• **Exercise requirements**
Find the line containing "line L15 (15.8012, -1.5609)" in the records below. Copy exactly that line and each one after it, ending at the line containing "line L18 (22.011, 1.9391)", and nothing more.

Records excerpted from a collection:
=====

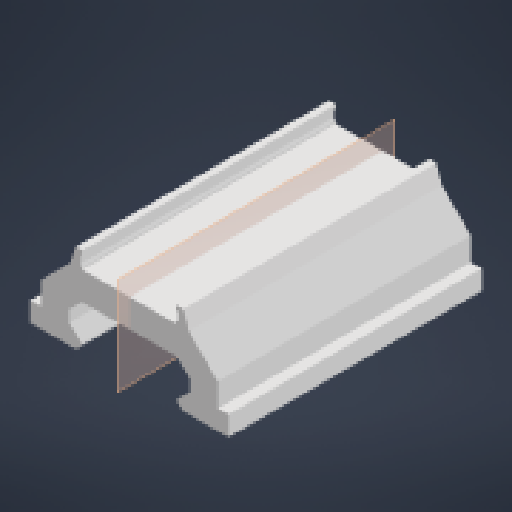
# Autodesk Inventor part: Rail clamp
Saved by Autodesk Inventor 2023 (Build 270158000, 158)
## iProperties
Created: 2023-10-16
Part Number: Rail clamp
Material: Generic
Document SubType Name: Modeling
Designer: nick_
Density: 1 g/cm^3
Appearance: Default
Author: nick_
Autodesk Inventor part; units mm, degrees
ref_plane "YZ Plane" through (0, 0, 0) normal (1, 0, 0) x (0, 1, 0)
ref_plane "XZ Plane" through (0, 0, 0) normal (0, 1, 0) x (-1, 0, 0)
ref_plane "XY Plane" through (0, 0, 0) normal (0, 0, 1) x (1, 0, 0)
sketch "Sketch1" plane through (0, 0, 0) normal (0, 0, 1) x (1, 0, 0)
  line L0 (6.1935, -6.1609) -> (-18.8065, -6.1609) construction
  line L1 (6.1935, -3.1609) -> (6.1935, -6.1609) construction
  line L2 (2.0882, -3.1609) -> (6.1935, -3.1609) construction
  line L3 (2.0882, -0.2145) -> (2.0882, -3.1609) construction
  line L4 (4.298, 1.9953) -> (2.0882, -0.2145) construction
  line L5 (4.298, 3.9511) -> (4.298, 1.9953) construction
  line L6 (2.0882, 6.1609) -> (4.298, 3.9511) construction
  line L7 (2.0882, 6.1609) -> (-14.7012, 6.1609) construction
  line L8 (-14.7012, 6.1609) -> (-16.911, 3.9511) construction
  line L9 (-16.911, 3.9511) -> (-16.911, 1.9953) construction
  line L10 (-16.911, 1.9953) -> (-14.7012, -0.2145) construction
  line L11 (-14.7012, -0.2145) -> (-14.7012, -3.1609) construction
  line L12 (-14.7012, -3.1609) -> (-18.8065, -3.1609) construction
  line L13 (-18.8065, -3.1609) -> (-18.8065, -6.1609) construction
  line L14 (2.1882, -3.0609) -> (6.2935, -3.0609)
  line L15 (6.2935, -3.0609) -> (6.2935, -6.2609)
  line L16 (6.2935, -6.2609) -> (-18.9065, -6.2609)
  line L17 (-18.9065, -6.2609) -> (-18.9065, -3.0609)
  line L18 (-18.9065, -3.0609) -> (-14.8012, -3.0609)
  line L19 (-14.8012, -3.0609) -> (-14.8012, -0.2559)
  line L20 (-14.8012, -0.2559) -> (-17.011, 1.9539)
  line L21 (-17.011, 1.9539) -> (-17.011, 3.9925)
  line L22 (-17.011, 3.9925) -> (-14.7427, 6.2609)
  line L23 (-14.7427, 6.2609) -> (2.1296, 6.2609)
  line L24 (2.1296, 6.2609) -> (4.398, 3.9925)
  line L25 (4.398, 3.9925) -> (4.398, 1.9539)
  line L26 (4.398, 1.9539) -> (2.1882, -0.2559)
  line L27 (2.1882, -0.2559) -> (2.1882, -3.0609)
  line L28 (11.2935, 1.9391) -> (9.398, 1.9391)
  line L29 (9.398, 1.9391) -> (9.398, 6.0636)
  line L30 (9.398, 6.0636) -> (4.2007, 11.2609)
  line L31 (4.2007, 11.2609) -> (-16.8137, 11.2609)
  line L32 (-16.8137, 11.2609) -> (-22.011, 6.0636)
  line L33 (-22.011, 6.0636) -> (-22.011, 1.9391)
  line L34 (-22.011, 1.9391) -> (-23.9065, 1.9391)
  line L35 (-23.9065, 1.9391) -> (-23.9065, -1.5609)
  line L36 (11.2935, -1.5609) -> (11.2935, 1.9391)
  line L37 (2.1882, -1.5609) -> (11.2935, -1.5609)
  line L38 (-14.8012, -1.5609) -> (-23.9065, -1.5609)
  point P0 (0, 0)
  point P1 (6.7408, -1.5609)
  point P2 (-19.3539, -1.5609)
  dimension "d0" = 0.1
  dimension "d1" = 5
  dimension "d2" = 1.5
  dimension "d3" = 5
  dimension "d5" = 5
  constraints: 50 end point, 2 midpoint, 2 perpendicular, 2 point on line, 1 horizontal alignment, 19 other
  measures "d0" distance between parallel lines of L3 L27
  measures "d1" distance between parallel lines of L36 L15
  measures "d2" distance between parallel lines of L37 L14
  measures "d3" distance between parallel lines of L31 L23
  measures "d5" distance between parallel lines of L35 L17
extrude "Extrusion1" add sketch "Sketch1" against normal blind 45 contours L27 L26 L25 L24 L23 L22 L21 L20 L19 L38 L35 L34 L33 L32 L31 L30 L29 L28 L36 L37
chamfer "Chamfer1" distance 1 angle 45 2 edges at (-14.8012, -1.5609, -22.5) (2.1882, -1.5609, -22.5)
sketch "Sketch3" plane through (0, 0, -45) normal (0, 0, -1) x (-1, 0, 0)
  line L0 (-2.2533, 11.7609) -> (14.8667, 11.7609) construction
  line L1 (14.8667, 11.7609) -> (14.8667, 13.2909) construction
  line L2 (-2.2533, 13.2909) -> (14.8667, 13.2909) construction
  line L3 (-2.2533, 11.7609) -> (-2.2533, 13.2909) construction
  line L4 (-2.1882, -0.5609) -> (-3.1882, -1.5609) construction
  line L5 (-2.1882, -0.5609) -> (-2.1882, -0.2559) construction
  line L6 (-2.1882, -0.2559) -> (-4.398, 1.9539) construction
  line L7 (-4.398, 1.9539) -> (-4.398, 3.9925) construction
  line L8 (-4.398, 3.9925) -> (-2.1296, 6.2609) construction
  line L9 (-2.1296, 6.2609) -> (14.7427, 6.2609) construction
  line L10 (14.7427, 6.2609) -> (17.011, 3.9925) construction
  line L11 (17.011, 3.9925) -> (17.011, 1.9539) construction
  line L12 (17.011, 1.9539) -> (14.8012, -0.2559) construction
  line L13 (14.8012, -0.2559) -> (14.8012, -0.5609) construction
  line L14 (15.8012, -1.5609) -> (14.8012, -0.5609) construction
  line L15 (15.8012, -1.5609) -> (23.9065, -1.5609) construction
  line L16 (23.9065, -1.5609) -> (23.9065, 1.9391) construction
  line L17 (23.9065, 1.9391) -> (22.011, 1.9391) construction
  line L18 (22.011, 1.9391) -> (22.011, 6.0636) construction
  line L19 (22.011, 6.0636) -> (16.8137, 11.2609) construction
  line L20 (16.8137, 11.2609) -> (-4.2007, 11.2609) construction
  line L21 (-4.2007, 11.2609) -> (-9.398, 6.0636) construction
  line L22 (-9.398, 6.0636) -> (-9.398, 1.9391) construction
  line L23 (-9.398, 1.9391) -> (-11.2935, 1.9391) construction
  line L24 (-11.2935, 1.9391) -> (-11.2935, -1.5609) construction
  line L25 (-11.2935, -1.5609) -> (-3.1882, -1.5609) construction
  line L26 (-2.0533, 11.2609) -> (-2.0533, 11.5609)
  line L27 (-2.0533, 11.5609) -> (-2.4533, 11.9609)
  line L28 (-2.4533, 11.9609) -> (-2.4533, 13.0909)
  line L29 (-2.4533, 13.0909) -> (-2.0533, 13.4909)
  line L30 (-2.0533, 13.4909) -> (-2.0533, 14.1683)
  line L31 (-2.0533, 14.1683) -> (-3.2638, 14.1683)
  line L32 (-3.2638, 14.1683) -> (-4.2007, 11.2609)
  line L33 (-4.2007, 11.2609) -> (-2.0533, 11.2609)
  line L34 (-2.2533, 13.2909) -> (-2.5848, 13.6224) construction
  line L35 (-2.2533, 13.2909) -> (-1.7845, 13.2909) construction
  point P0 (0, 0)
  point P1 (-2.2533, 13.2909)
  dimension "d15" = 0.2
  dimension "d16" = 135
  dimension "d17" = 0.2
  constraints: 20 end point, 4 point on line, 2 equal length, 2 midpoint, 2 perpendicular, 1 collinear, 1 horizontal, 1 parallel, 1 vertical
  measures "d15" distance between parallel lines of L3 L28
  measures "d16" angle of L35 L34
  measures "d17" distance from line of L2.start L30
extrude "Extrusion3" add sketch "Sketch3" against normal up to surface (45 mm away)
ref_plane "Work Plane1" through (-6.3065, -1.5609, 0) normal (1, 0, 0) x (0, 0, -1)
mirror "Mirror1" about plane through (-6.3065, -1.5609, 0) normal (1, 0, 0) of "Extrusion3"
sketch "Sketch4" plane through (2.0533, 11.2609, 0) normal (0, 1, 0) x (1, 0, 0)
  line L0 (-8.4373, 26.9134) -> (-8.4438, 26.9134) construction
  line L1 (-8.4438, 26.9134) -> (-8.4438, 27.0673) construction
  spline S0 degree 2 poles (-8.4438, 27.0673) (-8.3053, 27.184) (-7.9925, 27.3177) (-7.7834, 27.3177) knots 0 0 0 1 2 2 2 construction
  spline S1 degree 2 poles (-7.7834, 27.3177) (-7.5759, 27.3177) (-7.2615, 27.1848) (-7.1229, 27.0673) knots 0 0 0 1 2 2 2 construction
  line L2 (-7.1229, 27.0673) -> (-7.1229, 26.9134) construction
  line L3 (-7.1229, 26.9134) -> (-7.1294, 26.9134) construction
  spline S2 degree 2 poles (-7.1294, 26.9134) (-7.1756, 26.9652) (-7.3109, 27.0698) (-7.392, 27.1087) knots 0 0 0 1 2 2 2 construction
  spline S3 degree 2 poles (-7.392, 27.1087) (-7.4787, 27.1508) (-7.6715, 27.1994) (-7.7834, 27.1994) knots 0 0 0 1 2 2 2 construction
  spline S4 degree 2 poles (-7.7834, 27.1994) (-7.8944, 27.1994) (-8.0913, 27.15) (-8.1748, 27.1087) knots 0 0 0 1 2 2 2 construction
  spline S5 degree 2 poles (-8.1748, 27.1087) (-8.2583, 27.0682) (-8.3912, 26.9644) (-8.4373, 26.9134) knots 0 0 0 1 2 2 2 construction
  line L4 (-9.0457, 18.8862) -> (-10.0457, 18.8862) construction
  line L5 (-10.0457, 18.8862) -> (-10.0457, 19.1374) construction
  spline S6 degree 2 poles (-10.0457, 19.1374) (-10.0457, 19.2266) (-10.0166, 19.3514) (-9.9833, 19.3992) knots 0 0 0 1 2 2 2 construction
  spline S7 degree 2 poles (-9.9833, 19.3992) (-9.9452, 19.4551) (-9.8277, 19.5183) (-9.7443, 19.5183) knots 0 0 0 1 2 2 2 construction
  spline S8 degree 2 poles (-9.7443, 19.5183) (-9.6794, 19.5183) (-9.5628, 19.4721) (-9.5222, 19.4308) knots 0 0 0 1 2 2 2 construction
  spline S9 degree 2 poles (-9.5222, 19.4308) (-9.4712, 19.3789) (-9.4185, 19.2387) (-9.4185, 19.1318) knots 0 0 0 1 2 2 2 construction
  line L6 (-9.4185, 19.1318) -> (-9.4185, 19.0191) construction
  line L7 (-9.4185, 19.0191) -> (-9.0457, 19.0191) construction
  line L8 (-9.0457, 19.0191) -> (-9.0457, 18.8862) construction
  spline S10 degree 2 poles (-9.8205, 17.6472) (-9.7499, 17.6472) (-9.6381, 17.5726) (-9.6065, 17.507) knots 0 0 0 1 2 2 2 construction
  line L9 (-9.6065, 17.507) -> (-9.6017, 17.507) construction
  spline S11 degree 2 poles (-9.6017, 17.507) (-9.5773, 17.5961) (-9.4485, 17.6942) (-9.3529, 17.6942) knots 0 0 0 1 2 2 2 construction
  spline S12 degree 2 poles (-9.3529, 17.6942) (-9.2783, 17.6942) (-9.164, 17.6374) (-9.1268, 17.5904) knots 0 0 0 1 2 2 2 construction
  spline S13 degree 2 poles (-9.1268, 17.5904) (-9.083, 17.5337) (-9.0457, 17.4049) (-9.0457, 17.3028) knots 0 0 0 1 2 2 2 construction
  line L10 (-9.0457, 17.3028) -> (-9.0457, 17.0159) construction
  line L11 (-9.0457, 17.0159) -> (-10.0457, 17.0159) construction
  line L12 (-10.0457, 17.0159) -> (-10.0457, 17.2809) construction
  spline S14 degree 2 poles (-10.0457, 17.2809) (-10.0457, 17.3878) (-10.032, 17.4948) (-10.0052, 17.5434) knots 0 0 0 1 2 2 2 construction
  spline S15 degree 2 poles (-10.0052, 17.5434) (-9.9769, 17.5977) (-9.8837, 17.6472) (-9.8205, 17.6472) knots 0 0 0 1 2 2 2 construction
  spline S16 degree 2 poles (-10.066, 19.9195) (-10.066, 20.084) (-9.8067, 20.2387) (-9.5457, 20.2387) knots 0 0 0 1 2 2 2 construction
  spline S17 degree 2 poles (-9.5457, 20.2387) (-9.2767, 20.2387) (-9.0247, 20.0823) (-9.0247, 19.9195) knots 0 0 0 1 2 2 2 construction
  spline S18 degree 2 poles (-9.0247, 19.9195) (-9.0247, 19.7541) (-9.2816, 19.5994) (-9.5449, 19.5994) knots 0 0 0 1 2 2 2 construction
  spline S19 degree 2 poles (-9.5449, 19.5994) (-9.8156, 19.5994) (-10.066, 19.7558) (-10.066, 19.9195) knots 0 0 0 1 2 2 2 construction
  line L13 (-10.0457, 17.8263) -> (-10.0457, 18.0078) construction
  line L14 (-10.0457, 18.0078) -> (-9.489, 18.2574) construction
  line L15 (-9.489, 18.2574) -> (-10.0457, 18.4989) construction
  line L16 (-10.0457, 18.4989) -> (-10.0457, 18.6836) construction
  line L17 (-10.0457, 18.6836) -> (-9.0457, 18.6836) construction
  line L18 (-9.0457, 18.6836) -> (-9.0457, 18.5507) construction
  line L19 (-9.0457, 18.5507) -> (-9.9072, 18.5507) construction
  line L20 (-9.9072, 18.5507) -> (-9.3213, 18.2898) construction
  line L21 (-9.3213, 18.2898) -> (-9.3213, 18.2088) construction
  line L22 (-9.3213, 18.2088) -> (-9.9072, 17.9502) construction
  line L23 (-9.9072, 17.9502) -> (-9.0457, 17.9502) construction
  line L24 (-9.0457, 17.9502) -> (-9.0457, 17.8263) construction
  line L25 (-9.0457, 17.8263) -> (-10.0457, 17.8263) construction
  spline S20 degree 2 poles (-10.0684, 20.669) (-10.0684, 20.8052) (-9.9258, 20.9697) (-9.814, 20.9697) knots 0 0 0 1 2 2 2 construction
  spline S21 degree 2 poles (-9.814, 20.9697) (-9.7467, 20.9697) (-9.6154, 20.8911) (-9.5781, 20.8173) knots 0 0 0 1 2 2 2 construction
  line L26 (-9.5781, 20.8173) -> (-9.5741, 20.8173) construction
  spline S22 degree 2 poles (-9.5741, 20.8173) (-9.5336, 20.9049) (-9.4169, 20.9948) (-9.3245, 20.9948) knots 0 0 0 1 2 2 2 construction
  spline S23 degree 2 poles (-9.3245, 20.9948) (-9.1965, 20.9948) (-9.023, 20.8084) (-9.023, 20.669) knots 0 0 0 1 2 2 2 construction
  spline S24 degree 2 poles (-9.023, 20.669) (-9.023, 20.5945) (-9.0676, 20.4721) (-9.1089, 20.4292) knots 0 0 0 1 2 2 2 construction
  spline S25 degree 2 poles (-9.1089, 20.4292) (-9.1495, 20.387) (-9.2597, 20.3433) (-9.3221, 20.3433) knots 0 0 0 1 2 2 2 construction
  spline S26 degree 2 poles (-9.3221, 20.3433) (-9.4031, 20.3433) (-9.5393, 20.43) (-9.5798, 20.5126) knots 0 0 0 1 2 2 2 construction
  line L27 (-9.5798, 20.5126) -> (-9.5838, 20.5126) construction
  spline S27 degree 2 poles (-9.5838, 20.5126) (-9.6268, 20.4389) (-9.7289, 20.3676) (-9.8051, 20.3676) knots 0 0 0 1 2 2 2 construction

=====

• **Exercise answer**
  line L15 (15.8012, -1.5609) -> (23.9065, -1.5609) construction
  line L16 (23.9065, -1.5609) -> (23.9065, 1.9391) construction
  line L17 (23.9065, 1.9391) -> (22.011, 1.9391) construction
  line L18 (22.011, 1.9391) -> (22.011, 6.0636) construction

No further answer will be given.